AB8939 in Patients With Relapsed/Refractory Acute Myeloid Leukemia

Acute Myeloid Leukemia, in Relapse Clinical Trial

Official title:
A Phase 1/2 Study to Assess the Safety, Pharmacokinetics, and Efficacy of Daily Intravenous AB8939 in Patients With Relapsed/Refractory Acute Myeloid Leukemia

Clinical Trial Details — Status: Recruiting

Administrative data
NCT number NCT05211570
Other study ID # AB18001
Secondary ID 2020-005122-28
Status Recruiting
Phase Phase 1/Phase 2
First received
Last updated
Start date June 1, 2022
Est. completion date December 2024

Study information
Verified date October 2023
Source AB Science
Contact Clinical Study Coordinator
Phone +33(0)147200014
Email clinical@ab-science.com
Is FDA regulated No
Health authority
Study type Interventional

Clinical Trial Summary

The primary objective is to define the safety and tolerability of AB8939 in patients with AML by determining the dose-limiting toxicities, the maximum tolerated dose, and the recommended dose for dose expansion study.

Description:

This is a Phase 1/2, open-label, multi-center, non-randomized, 2-part study in patients with refractory and relapsed AML and refractory myelodysplastic syndrome. Study AB18001 has a multi-stage design.
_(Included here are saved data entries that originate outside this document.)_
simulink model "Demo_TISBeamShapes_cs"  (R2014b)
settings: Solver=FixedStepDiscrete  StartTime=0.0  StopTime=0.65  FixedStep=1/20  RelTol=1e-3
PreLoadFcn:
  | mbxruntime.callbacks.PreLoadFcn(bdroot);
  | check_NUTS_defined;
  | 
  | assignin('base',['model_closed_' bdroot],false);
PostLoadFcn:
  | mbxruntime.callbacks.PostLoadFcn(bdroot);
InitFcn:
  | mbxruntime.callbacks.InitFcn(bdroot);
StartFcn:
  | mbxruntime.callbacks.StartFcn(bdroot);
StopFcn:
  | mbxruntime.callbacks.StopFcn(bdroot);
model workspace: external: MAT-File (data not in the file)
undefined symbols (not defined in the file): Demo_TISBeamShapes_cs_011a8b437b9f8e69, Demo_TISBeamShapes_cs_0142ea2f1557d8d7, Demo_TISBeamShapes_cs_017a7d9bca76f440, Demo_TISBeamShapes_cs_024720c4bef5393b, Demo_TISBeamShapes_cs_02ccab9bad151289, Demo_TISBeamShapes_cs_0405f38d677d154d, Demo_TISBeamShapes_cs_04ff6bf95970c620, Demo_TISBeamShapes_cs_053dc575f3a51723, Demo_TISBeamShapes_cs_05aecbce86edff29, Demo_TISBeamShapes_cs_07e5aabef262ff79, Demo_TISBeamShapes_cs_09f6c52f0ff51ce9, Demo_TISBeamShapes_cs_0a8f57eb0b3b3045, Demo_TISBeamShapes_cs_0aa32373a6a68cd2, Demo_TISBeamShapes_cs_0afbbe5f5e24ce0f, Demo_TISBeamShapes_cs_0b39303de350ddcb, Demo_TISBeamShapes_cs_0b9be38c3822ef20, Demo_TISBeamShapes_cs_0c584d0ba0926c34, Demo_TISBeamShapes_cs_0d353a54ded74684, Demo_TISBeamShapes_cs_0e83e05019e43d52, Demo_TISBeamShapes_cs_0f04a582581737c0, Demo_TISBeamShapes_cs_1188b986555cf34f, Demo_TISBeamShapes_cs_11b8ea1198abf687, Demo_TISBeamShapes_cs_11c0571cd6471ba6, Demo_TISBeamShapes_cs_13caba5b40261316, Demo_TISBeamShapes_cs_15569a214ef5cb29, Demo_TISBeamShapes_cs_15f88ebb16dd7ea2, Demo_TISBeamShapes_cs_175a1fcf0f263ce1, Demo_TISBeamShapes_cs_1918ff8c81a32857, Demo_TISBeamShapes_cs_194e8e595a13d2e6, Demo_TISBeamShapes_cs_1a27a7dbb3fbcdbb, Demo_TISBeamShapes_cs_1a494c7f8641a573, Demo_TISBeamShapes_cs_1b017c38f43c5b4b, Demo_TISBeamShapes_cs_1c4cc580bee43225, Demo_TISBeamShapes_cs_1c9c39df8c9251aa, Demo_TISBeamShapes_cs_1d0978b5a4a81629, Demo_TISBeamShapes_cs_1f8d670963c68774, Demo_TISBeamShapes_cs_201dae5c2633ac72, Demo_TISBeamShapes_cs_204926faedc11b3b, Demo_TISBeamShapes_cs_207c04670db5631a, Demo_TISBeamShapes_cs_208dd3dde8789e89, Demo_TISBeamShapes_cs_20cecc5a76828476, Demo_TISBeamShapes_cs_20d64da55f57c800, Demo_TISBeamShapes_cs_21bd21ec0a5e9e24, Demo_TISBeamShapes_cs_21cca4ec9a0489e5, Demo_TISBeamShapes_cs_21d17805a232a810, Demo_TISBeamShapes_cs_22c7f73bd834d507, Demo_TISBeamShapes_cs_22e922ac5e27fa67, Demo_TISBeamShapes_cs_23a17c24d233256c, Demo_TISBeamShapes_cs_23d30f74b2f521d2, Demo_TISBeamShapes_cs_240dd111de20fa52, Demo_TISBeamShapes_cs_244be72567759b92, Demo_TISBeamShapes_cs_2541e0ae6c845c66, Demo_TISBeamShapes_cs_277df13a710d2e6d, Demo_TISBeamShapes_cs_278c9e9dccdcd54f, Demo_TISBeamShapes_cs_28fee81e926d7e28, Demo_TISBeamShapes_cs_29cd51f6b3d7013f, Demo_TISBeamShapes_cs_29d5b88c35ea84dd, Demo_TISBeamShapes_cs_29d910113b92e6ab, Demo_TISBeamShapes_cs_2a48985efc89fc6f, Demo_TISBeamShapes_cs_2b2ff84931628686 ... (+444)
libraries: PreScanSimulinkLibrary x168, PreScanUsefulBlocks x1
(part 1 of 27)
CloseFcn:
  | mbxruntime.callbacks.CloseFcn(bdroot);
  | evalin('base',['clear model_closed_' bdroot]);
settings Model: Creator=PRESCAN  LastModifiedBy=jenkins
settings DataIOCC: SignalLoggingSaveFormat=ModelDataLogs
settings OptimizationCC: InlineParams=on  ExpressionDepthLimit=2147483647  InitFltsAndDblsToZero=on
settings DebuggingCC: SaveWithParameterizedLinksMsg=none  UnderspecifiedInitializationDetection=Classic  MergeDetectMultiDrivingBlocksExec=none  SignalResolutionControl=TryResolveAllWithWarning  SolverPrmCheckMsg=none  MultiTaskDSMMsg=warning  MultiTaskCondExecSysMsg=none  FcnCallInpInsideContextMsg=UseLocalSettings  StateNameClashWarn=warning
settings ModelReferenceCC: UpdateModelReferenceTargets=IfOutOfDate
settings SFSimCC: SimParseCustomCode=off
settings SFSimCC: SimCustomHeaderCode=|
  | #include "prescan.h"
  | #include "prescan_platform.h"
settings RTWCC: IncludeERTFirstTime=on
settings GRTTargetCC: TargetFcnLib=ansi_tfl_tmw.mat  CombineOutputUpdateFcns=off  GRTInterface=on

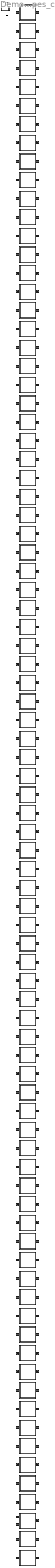
== system Demo_TISBeamShapes_cs ==
  note: Regenerate
  note: Simulink Mode
  note: Open Useful Blocks
  note: 2020.1.0
  note: Version:
  note: Author(s):
  note: N.A.
  note: Descriptive text:
  note: OBU-Beacon ID
  note: Demo Help
  note: This demo illustrates the use of the four possible beam shapes that are available for the TIS. It further illustrates how the TIS output is analyzed in Matlab. Keyword(s) - beamshape - beam - shape
  Cone_1 : Subsystem  Tag=WorldObjectSubSystem  InitFcn=UniqueId = '1098';
      mask init:
      | imagePath=which('Cone.jpg');
      mask Display: image(imread(imagePath));color('white');text(0, 0, ' ID=2\n')
  Controller : Subsystem  Description=8A3CD2955739A82C886C20AE3E253D78460D53180EE2C1B14CC08DF75A70BE77  Priority=-1  LoadFcn=load PreScanControllerData  mask(PreScan Simulation Controller){prescanversion='2020.1.0', ModelReferencing=off, TimeStep=1/20, ControlMode=0, PreScanExecutionMode=on, ControllerCount=0, ControllerIndex=0, ControllerOptions=''}
      mask prompts: prescanversion "PreScan Version"; ModelReferencing "Use Model Referencing"; TimeStep "Upload Period [s]"; ControlMode "Control Mode"; PreScanExecutionMode "Execution Mode"; ControllerCount "Controller Count"; ControllerIndex "Controller Index"; ControllerOptions "Controller Options"
      mask help: Please do not remove this block from the compilation sheet, as it connects the model to the PreScan environment.
      mask init:
      | model = bdroot(gcb);
      | ExperimentFile = mbxruntime.findExperimentFile(model,true); %relative path
      | 
      | [d1, d2, d3, prescandata] = prescan_Settings();
      | ModelDepo = fullfile(prescandata,'ModelDepo'); 
      | 
      | RTmode = mbxruntime.getRTMode(model);
      | 
      | SimulationMode = get_param(bdroot,'SimulationMode');
      | if strcmp(SimulationMode, 'rapid-accelerator')
      |     SimulationMode = 'external';
      | end
      | TargetName = get_param(bdroot,'SystemTargetFile');
      settings: ModelCloseFcn=assignin('base',['model_closed_' bdroot],true);
      mask Help: eval('openHelp(812)')
      mask Display: image(imread('prescanlogo.ico'))
  Cylinder_1 : Subsystem  Tag=WorldObjectSubSystem  InitFcn=UniqueId = '1102';
      mask init:
      | imagePath=which('Cylinder.jpg');
      mask Display: image(imread(imagePath));color('white');text(0, 0, ' ID=1\n')
  Cylinder_2 : Subsystem  Tag=WorldObjectSubSystem  InitFcn=UniqueId = '1103';
      mask init:
      | imagePath=which('Cylinder.jpg');
      mask Display: image(imread(imagePath));color('white');text(0, 0, ' ID=3\n')
  PreScanTerminator : Subsystem  Tag=PreScanTerminator  Priority=999  LoadFcn=load PrescanTerminatorData  mask(PreScan Simulation Terminator){TimeStep=1/20}
      mask prompts: TimeStep "Upload Period [s]"
      mask help: Please do not remove this block from the compilation sheet as it connects the model to the PreScan environment.
      mask Help: eval('openHelp(812)')
      mask Display: image(imread('prescanlogo.ico'))
  SELF_Cone_1 : Subsystem  Tag=sensor/SelfPort  Priority=30  LoadFcn=load('PreScanSelfSensorData.mat')  mask(PreScan Source Block: SELF){}
      mask help: The SELF port shows (state) information of the actor itself. The outputs are position in the experiment's axis system and the GPS coordinates, and the object's absolute velocity and compass heading. For more information, please click Help.
      settings: OpenFcn=open_system([gcb '/Sensor'],'mask')
      mask Help: eval('openHelp(462)')
      mask Display: image(imread('GPS.png'))
  SELF_Cylinder_1 : Subsystem  Tag=sensor/SelfPort  Priority=30  LoadFcn=load('PreScanSelfSensorData.mat')  mask(PreScan Source Block: SELF){}
      mask help: The SELF port shows (state) information of the actor itself. The outputs are position in the experiment's axis system and the GPS coordinates, and the object's absolute velocity and compass heading. For more information, please click Help.
      settings: OpenFcn=open_system([gcb '/Sensor'],'mask')
      mask Help: eval('openHelp(462)')
      mask Display: image(imread('GPS.png'))
  SELF_Cylinder_2 : Subsystem  Tag=sensor/SelfPort  Priority=30  LoadFcn=load('PreScanSelfSensorData.mat')  mask(PreScan Source Block: SELF){}
      mask help: The SELF port shows (state) information of the actor itself. The outputs are position in the experiment's axis system and the GPS coordinates, and the object's absolute velocity and compass heading. For more information, please click Help.
      settings: OpenFcn=open_system([gcb '/Sensor'],'mask')
      mask Help: eval('openHelp(462)')
      mask Display: image(imread('GPS.png'))
  SELF_Sphere_1 : Subsystem  Tag=sensor/SelfPort  Priority=30  LoadFcn=load('PreScanSelfSensorData.mat')  mask(PreScan Source Block: SELF){}
      mask help: The SELF port shows (state) information of the actor itself. The outputs are position in the experiment's axis system and the GPS coordinates, and the object's absolute velocity and compass heading. For more information, please click Help.
      settings: OpenFcn=open_system([gcb '/Sensor'],'mask')
      mask Help: eval('openHelp(462)')
      mask Display: image(imread('GPS.png'))
  SELF_Sphere_10 : Subsystem  Tag=sensor/SelfPort  Priority=30  LoadFcn=load('PreScanSelfSensorData.mat')  mask(PreScan Source Block: SELF){}
      mask help: The SELF port shows (state) information of the actor itself. The outputs are position in the experiment's axis system and the GPS coordinates, and the object's absolute velocity and compass heading. For more information, please click Help.
      settings: OpenFcn=open_system([gcb '/Sensor'],'mask')
      mask Help: eval('openHelp(462)')
      mask Display: image(imread('GPS.png'))
  SELF_Sphere_11 : Subsystem  Tag=sensor/SelfPort  Priority=30  LoadFcn=load('PreScanSelfSensorData.mat')  mask(PreScan Source Block: SELF){}
      mask help: The SELF port shows (state) information of the actor itself. The outputs are position in the experiment's axis system and the GPS coordinates, and the object's absolute velocity and compass heading. For more information, please click Help.
      settings: OpenFcn=open_system([gcb '/Sensor'],'mask')
      mask Help: eval('openHelp(462)')
      mask Display: image(imread('GPS.png'))
  SELF_Sphere_12 : Subsystem  Tag=sensor/SelfPort  Priority=30  LoadFcn=load('PreScanSelfSensorData.mat')  mask(PreScan Source Block: SELF){}
      mask help: The SELF port shows (state) information of the actor itself. The outputs are position in the experiment's axis system and the GPS coordinates, and the object's absolute velocity and compass heading. For more information, please click Help.
      settings: OpenFcn=open_system([gcb '/Sensor'],'mask')
      mask Help: eval('openHelp(462)')
      mask Display: image(imread('GPS.png'))
  SELF_Sphere_13 : Subsystem  Tag=sensor/SelfPort  Priority=30  LoadFcn=load('PreScanSelfSensorData.mat')  mask(PreScan Source Block: SELF){}
      mask help: The SELF port shows (state) information of the actor itself. The outputs are position in the experiment's axis system and the GPS coordinates, and the object's absolute velocity and compass heading. For more information, please click Help.
      settings: OpenFcn=open_system([gcb '/Sensor'],'mask')
      mask Help: eval('openHelp(462)')
      mask Display: image(imread('GPS.png'))
  SELF_Sphere_14 : Subsystem  Tag=sensor/SelfPort  Priority=30  LoadFcn=load('PreScanSelfSensorData.mat')  mask(PreScan Source Block: SELF){}
      mask help: The SELF port shows (state) information of the actor itself. The outputs are position in the experiment's axis system and the GPS coordinates, and the object's absolute velocity and compass heading. For more information, please click Help.
      settings: OpenFcn=open_system([gcb '/Sensor'],'mask')
      mask Help: eval('openHelp(462)')
      mask Display: image(imread('GPS.png'))
  SELF_Sphere_15 : Subsystem  Tag=sensor/SelfPort  Priority=30  LoadFcn=load('PreScanSelfSensorData.mat')  mask(PreScan Source Block: SELF){}
      mask help: The SELF port shows (state) information of the actor itself. The outputs are position in the experiment's axis system and the GPS coordinates, and the object's absolute velocity and compass heading. For more information, please click Help.
      settings: OpenFcn=open_system([gcb '/Sensor'],'mask')
      mask Help: eval('openHelp(462)')
      mask Display: image(imread('GPS.png'))
  SELF_Sphere_16 : Subsystem  Tag=sensor/SelfPort  Priority=30  LoadFcn=load('PreScanSelfSensorData.mat')  mask(PreScan Source Block: SELF){}
      mask help: The SELF port shows (state) information of the actor itself. The outputs are position in the experiment's axis system and the GPS coordinates, and the object's absolute velocity and compass heading. For more information, please click Help.
      settings: OpenFcn=open_system([gcb '/Sensor'],'mask')
      mask Help: eval('openHelp(462)')
      mask Display: image(imread('GPS.png'))
  SELF_Sphere_17 : Subsystem  Tag=sensor/SelfPort  Priority=30  LoadFcn=load('PreScanSelfSensorData.mat')  mask(PreScan Source Block: SELF){}
      mask help: The SELF port shows (state) information of the actor itself. The outputs are position in the experiment's axis system and the GPS coordinates, and the object's absolute velocity and compass heading. For more information, please click Help.
      settings: OpenFcn=open_system([gcb '/Sensor'],'mask')
      mask Help: eval('openHelp(462)')
      mask Display: image(imread('GPS.png'))
  SELF_Sphere_18 : Subsystem  Tag=sensor/SelfPort  Priority=30  LoadFcn=load('PreScanSelfSensorData.mat')  mask(PreScan Source Block: SELF){}
      mask help: The SELF port shows (state) information of the actor itself. The outputs are position in the experiment's axis system and the GPS coordinates, and the object's absolute velocity and compass heading. For more information, please click Help.
      settings: OpenFcn=open_system([gcb '/Sensor'],'mask')
      mask Help: eval('openHelp(462)')
      mask Display: image(imread('GPS.png'))
  SELF_Sphere_19 : Subsystem  Tag=sensor/SelfPort  Priority=30  LoadFcn=load('PreScanSelfSensorData.mat')  mask(PreScan Source Block: SELF){}
      mask help: The SELF port shows (state) information of the actor itself. The outputs are position in the experiment's axis system and the GPS coordinates, and the object's absolute velocity and compass heading. For more information, please click Help.
      settings: OpenFcn=open_system([gcb '/Sensor'],'mask')
      mask Help: eval('openHelp(462)')
      mask Display: image(imread('GPS.png'))
  SELF_Sphere_2 : Subsystem  Tag=sensor/SelfPort  Priority=30  LoadFcn=load('PreScanSelfSensorData.mat')  mask(PreScan Source Block: SELF){}
      mask help: The SELF port shows (state) information of the actor itself. The outputs are position in the experiment's axis system and the GPS coordinates, and the object's absolute velocity and compass heading. For more information, please click Help.
      settings: OpenFcn=open_system([gcb '/Sensor'],'mask')
      mask Help: eval('openHelp(462)')
      mask Display: image(imread('GPS.png'))
  SELF_Sphere_20 : Subsystem  Tag=sensor/SelfPort  Priority=30  LoadFcn=load('PreScanSelfSensorData.mat')  mask(PreScan Source Block: SELF){}
      mask help: The SELF port shows (state) information of the actor itself. The outputs are position in the experiment's axis system and the GPS coordinates, and the object's absolute velocity and compass heading. For more information, please click Help.
      settings: OpenFcn=open_system([gcb '/Sensor'],'mask')
      mask Help: eval('openHelp(462)')
      mask Display: image(imread('GPS.png'))
  SELF_Sphere_21 : Subsystem  Tag=sensor/SelfPort  Priority=30  LoadFcn=load('PreScanSelfSensorData.mat')  mask(PreScan Source Block: SELF){}
      mask help: The SELF port shows (state) information of the actor itself. The outputs are position in the experiment's axis system and the GPS coordinates, and the object's absolute velocity and compass heading. For more information, please click Help.
      settings: OpenFcn=open_system([gcb '/Sensor'],'mask')
      mask Help: eval('openHelp(462)')
      mask Display: image(imread('GPS.png'))
  SELF_Sphere_22 : Subsystem  Tag=sensor/SelfPort  Priority=30  LoadFcn=load('PreScanSelfSensorData.mat')  mask(PreScan Source Block: SELF){}
      mask help: The SELF port shows (state) information of the actor itself. The outputs are position in the experiment's axis system and the GPS coordinates, and the object's absolute velocity and compass heading. For more information, please click Help.
      settings: OpenFcn=open_system([gcb '/Sensor'],'mask')
      mask Help: eval('openHelp(462)')
      mask Display: image(imread('GPS.png'))
  SELF_Sphere_23 : Subsystem  Tag=sensor/SelfPort  Priority=30  LoadFcn=load('PreScanSelfSensorData.mat')  mask(PreScan Source Block: SELF){}
      mask help: The SELF port shows (state) information of the actor itself. The outputs are position in the experiment's axis system and the GPS coordinates, and the object's absolute velocity and compass heading. For more information, please click Help.
      settings: OpenFcn=open_system([gcb '/Sensor'],'mask')
      mask Help: eval('openHelp(462)')
      mask Display: image(imread('GPS.png'))
  SELF_Sphere_24 : Subsystem  Tag=sensor/SelfPort  Priority=30  LoadFcn=load('PreScanSelfSensorData.mat')  mask(PreScan Source Block: SELF){}
      mask help: The SELF port shows (state) information of the actor itself. The outputs are position in the experiment's axis system and the GPS coordinates, and the object's absolute velocity and compass heading. For more information, please click Help.
      settings: OpenFcn=open_system([gcb '/Sensor'],'mask')
      mask Help: eval('openHelp(462)')
      mask Display: image(imread('GPS.png'))
  SELF_Sphere_25 : Subsystem  Tag=sensor/SelfPort  Priority=30  LoadFcn=load('PreScanSelfSensorData.mat')  mask(PreScan Source Block: SELF){}
      mask help: The SELF port shows (state) information of the actor itself. The outputs are position in the experiment's axis system and the GPS coordinates, and the object's absolute velocity and compass heading. For more information, please click Help.
      settings: OpenFcn=open_system([gcb '/Sensor'],'mask')
      mask Help: eval('openHelp(462)')
      mask Display: image(imread('GPS.png'))
  SELF_Sphere_26 : Subsystem  Tag=sensor/SelfPort  Priority=30  LoadFcn=load('PreScanSelfSensorData.mat')  mask(PreScan Source Block: SELF){}
      mask help: The SELF port shows (state) information of the actor itself. The outputs are position in the experiment's axis system and the GPS coordinates, and the object's absolute velocity and compass heading. For more information, please click Help.
      settings: OpenFcn=open_system([gcb '/Sensor'],'mask')
      mask Help: eval('openHelp(462)')
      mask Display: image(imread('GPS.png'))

The first part is a dose escalation study that aims to determine the safety, tolerability and pharmacokinetic profiles of consecutive daily intravenous administration of AB8939 in patients with refractory or relapsed AML or patients with refractory myelodysplastic syndrome, and to determine the recommended dose for the second-stage dose expansion study. This dose expansion study aims to determine the schedule for a Phase 2 trial in patients with relapsed/refractory AML and to also provide an early efficacy assessment of AB8939.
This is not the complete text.